Just pulled off the web 

Pamphobeteus insignis The "Colombian Purple Bloom"

This is one of the rarest and most demanded tarantulas in the hobby. P. insignis is one of the more stockier Pamphobeteus species. They are most closely allied to P. nigricolor and P. ornatus in taxonomy and appearance. Since the 1998, a few German breeders have had some limited success in producing the species in captivity, but due to the high demand, American hobbyists have only seen captive-born stock offered in 1999 and in 2002. As of Feb. 2011, there is no known adult pairs in any American collections.

*Color/Pattern/Appearance:* Females differ in appearance from female P. nigricolor, P. ornatus by being more of blackish-olive brown post molt and lightens up to a rich, reddish-brown premolt. Mature males differ from P. ornatus and P. nigricolor males by having a beautiful deep “purple” bloom coloration not only in their femurs, but on the carapace as well. Short body hairs overall. P. insignis is most allied to P. nigricolor, but differs it that it has a thick cluster of very fine close-set barbed spines on the posterior side of the trochanter of palp.

*Original description:* Pocock, 1903 

*Hobby history:* This species was imported in the early to mid 1990s along with Pamphobeteus ferox and P. nigricolor from Colombia. Since 1998, it has not been imported. Some European breeders have had limited success only a few times since 1998 and it remains one of the rarest tarantula species in the trade. 

*Range:* Colombia 

*Habitat:* Amazon Rain forest 

*Size:* Averages 7.5”. Some individuals have been reported over 8.5”. Body weight of three to four ounces especially in gravid adult females. 

*Growth rate:* Fast. Spiderlings emerge out of the egg sac .75” to 1” and if kept warm, humid and feed frequently, males can mature in 1.5 years and females in 2.5 years. 

*Type:* Opportunistic burrowing species 

*Temperament :* Semi-aggressive. This species will flick urticating hairs and is quick to go into a threat display and possibly bite if badly disturbed or roughly handled. I do not recommend handling this species due mainly to their bulky bodies with large abdomens that will rupture if they take any fall of more than an inch or two. This is a species that spends its life on the ground often in deep burrows in the rain forest. Also, they semi-aggressive overall. Some individuals can be placid though if kept long-term. 

*Urticating hairs:* Yes 

*Venom potency:* Not considered medically significant/dangerous, BUT the venom has not been extensively studied, so don't get bit.  

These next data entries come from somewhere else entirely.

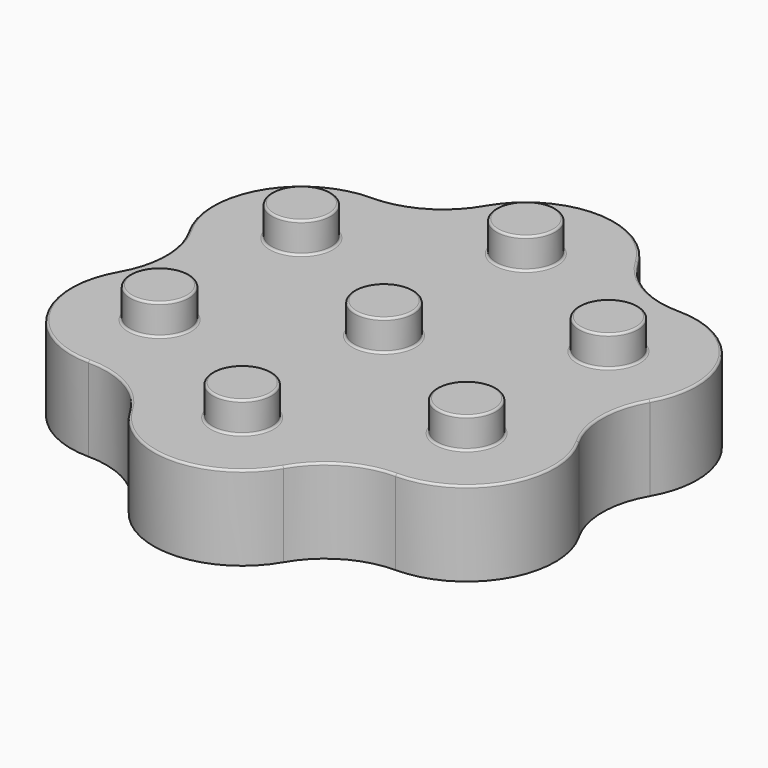
from build123d import *

# Parameters (mm, degrees)
F4_R     = 7.9
F5_DEPTH = 20
F6_DEPTH = 10
F7_R     = 7
F8_DEPTH = 7.3
F9_R     = 0.5


# Not quite as in the source:
# - a feature names something its author has since deleted; it is built from what else it names


with BuildPart() as f5:
    # F4 (on Top) → F5 (new body)
    with BuildSketch(Plane.XY):
        with BuildLine():
            ThreePointArc((18.1865334795, 10.5), (15.3730669589, 21), (18.1865334795, 31.5))
            ThreePointArc((18.1865334795, 31.5), (18.1865334795, 52.5), (0, 63))
            ThreePointArc((0, 63), (-10.5, 65.8134665205), (-18.1865334795, 73.5))
            ThreePointArc((-18.1865334795, 73.5), (-36.3730669589, 84), (-54.5596004384, 73.5))
            ThreePointArc((-54.5596004384, 73.5), (-62.2461339179, 65.8134665205), (-72.7461339179, 63))
            ThreePointArc((-72.7461339179, 63), (-90.9326673974, 52.5), (-90.9326673974, 31.5))
            ThreePointArc((-90.9326673974, 31.5), (-88.1192008768, 21), (-90.9326673974, 10.5))
            ThreePointArc((-90.9326673974, 10.5), (-90.9326673974, -10.5), (-72.7461339179, -21))
            ThreePointArc((-72.7461339179, -21), (-62.2461339179, -23.8134665205), (-54.5596004384, -31.5))
            ThreePointArc((-54.5596004384, -31.5), (-36.3730669589, -42), (-18.1865334795, -31.5))
            ThreePointArc((-18.1865334795, -31.5), (-10.5, -23.8134665205), (0, -21))
            ThreePointArc((0, -21), (18.1865334795, -10.5), (18.1865334795, 10.5))
        make_face()
        with Locations((-72.7461339179, 0)):
            Circle(F4_R, mode=Mode.SUBTRACT)
        with Locations((-36.3730669589, -21)):
            Circle(F4_R, mode=Mode.SUBTRACT)
        Circle(F4_R, mode=Mode.SUBTRACT)
        with Locations((-72.7461339179, 42)):
            Circle(F4_R, mode=Mode.SUBTRACT)
        with Locations((-36.3730669589, 21)):
            Circle(F4_R, mode=Mode.SUBTRACT)
        with Locations((0, 42)):
            Circle(F4_R, mode=Mode.SUBTRACT)
        with Locations((-36.3730669589, 63)):
            Circle(F4_R, mode=Mode.SUBTRACT)
        with Locations((0, 42)):
            Circle(F4_R)
        Circle(F4_R)
        with Locations((-36.3730669589, 21)):
            Circle(F4_R)
        with Locations((-36.3730669589, 63)):
            Circle(F4_R)
        with Locations((-72.7461339179, 42)):
            Circle(F4_R)
        with Locations((-72.7461339179, 0)):
            Circle(F4_R)
        with Locations((-36.3730669589, -21)):
            Circle(F4_R)
    extrude(amount=F5_DEPTH)

    # F4 (on Top) → F6 (cut)
    with BuildSketch(Plane.XY):
        with Locations((0, 42)):
            Circle(F4_R)
        Circle(F4_R)
        with Locations((-36.3730669589, 21)):
            Circle(F4_R)
        with Locations((-36.3730669589, 63)):
            Circle(F4_R)
        with Locations((-72.7461339179, 42)):
            Circle(F4_R)
        with Locations((-72.7461339179, 0)):
            Circle(F4_R)
        with Locations((-36.3730669589, -21)):
            Circle(F4_R)
    extrude(amount=F6_DEPTH, mode=Mode.SUBTRACT)

    # F7 (on face) → F8 (join)
    with BuildSketch(Plane.XY.offset(20)):
        Circle(F7_R)
        with Locations((0, 42)):
            Circle(F7_R)
        with Locations((-36.3730669589, 21)):
            Circle(F7_R)
        with Locations((-36.3730669589, 63)):
            Circle(F7_R)
        with Locations((-36.3730669589, -21)):
            Circle(F7_R)
        with Locations((-72.7461339179, 0)):
            Circle(F7_R)
        with Locations((-72.7461339179, 42)):
            Circle(F7_R)
    extrude(amount=F8_DEPTH)

    # F9
    f9_edges = [f5.edges().sort_by_distance(p)[0] for p in [
        (-7, 0, 27.3),
        (-7.9, 42, 0),
        (-7.9, 42, 10),
        (-7.9, 0, 0),
        (-7.9, 0, 10),
        (-7, 42, 27.3),
        (-7, 42, 20),
        (18.186533, 52.5, 20),
        (-43.373067, 21, 20),
        (-43.373067, 21, 27.3),
        (-28.473067, 21, 5),
        (-44.273067, 21, 0),
        (-44.273067, 21, 10),
        (-29.373067, 63, 23.65),
        (-43.373067, 63, 20),
        (-43.373067, 63, 27.3),
        (-28.473067, 63, 5),
        (-44.273067, 63, 0),
        (-44.273067, 63, 10),
        (-65.746134, 0, 23.65),
        (-79.746134, 0, 20),
        (-79.746134, 0, 27.3),
        (-29.373067, -21, 23.65),
        (-43.373067, -21, 20),
        (-43.373067, -21, 27.3),
        (-65.746134, 42, 23.65),
        (-79.746134, 42, 20),
        (-79.746134, 42, 27.3),
        (-64.846134, 42, 5),
        (-80.646134, 42, 0),
        (-80.646134, 42, 10),
        (-64.846134, 0, 5),
        (-80.646134, 0, 0),
        (-80.646134, 0, 10),
        (-28.473067, -21, 5),
        (-44.273067, -21, 0),
        (-44.273067, -21, 10),
        (-7, 0, 20),
    ]]
    fillet(f9_edges, radius=F9_R)


solid = f5.part

Hobbyist level for care: Intermediate 

IDEAL CAPTIVE CARE:

*Temperature:* Day time temps 75F-82F. Nighttime drops no lower than 60F 

*Humidity:* 80% 

*Substrate:* Coco husk type substrate with 25% mix of orchid moss with a depth of 3"-8" slightly moist to the touch. Make the substrate slope with a 45 degree angle and insert a cave/pvc pipe or similar shelter that has a 3"-4" diameter into the middle of the slope so the spider can make it's lair. 

*Water needs:* Provide a shallow, but wide water dish with purified and/or spring water. Change weekly and/or whenever fouled. 

*Food:* Feed 3 to 4 large crickets, captive-produced feeder roach species, brown anolis lizards and/or one pinkie/fuzzy mouse/rat. 

*Feeding frequency:* 3 to 4 crickets/roaches twice a week or one pinkie/fuzzy mouse/rat once a week. 

*Tank/Cage size and type:* For adults 5'-8"+, 10 gallon or better yet, use a 20 gal. long type of tank. They do not need much tank height. Only about 4" from substrate height to the ceiling of their tank is needed.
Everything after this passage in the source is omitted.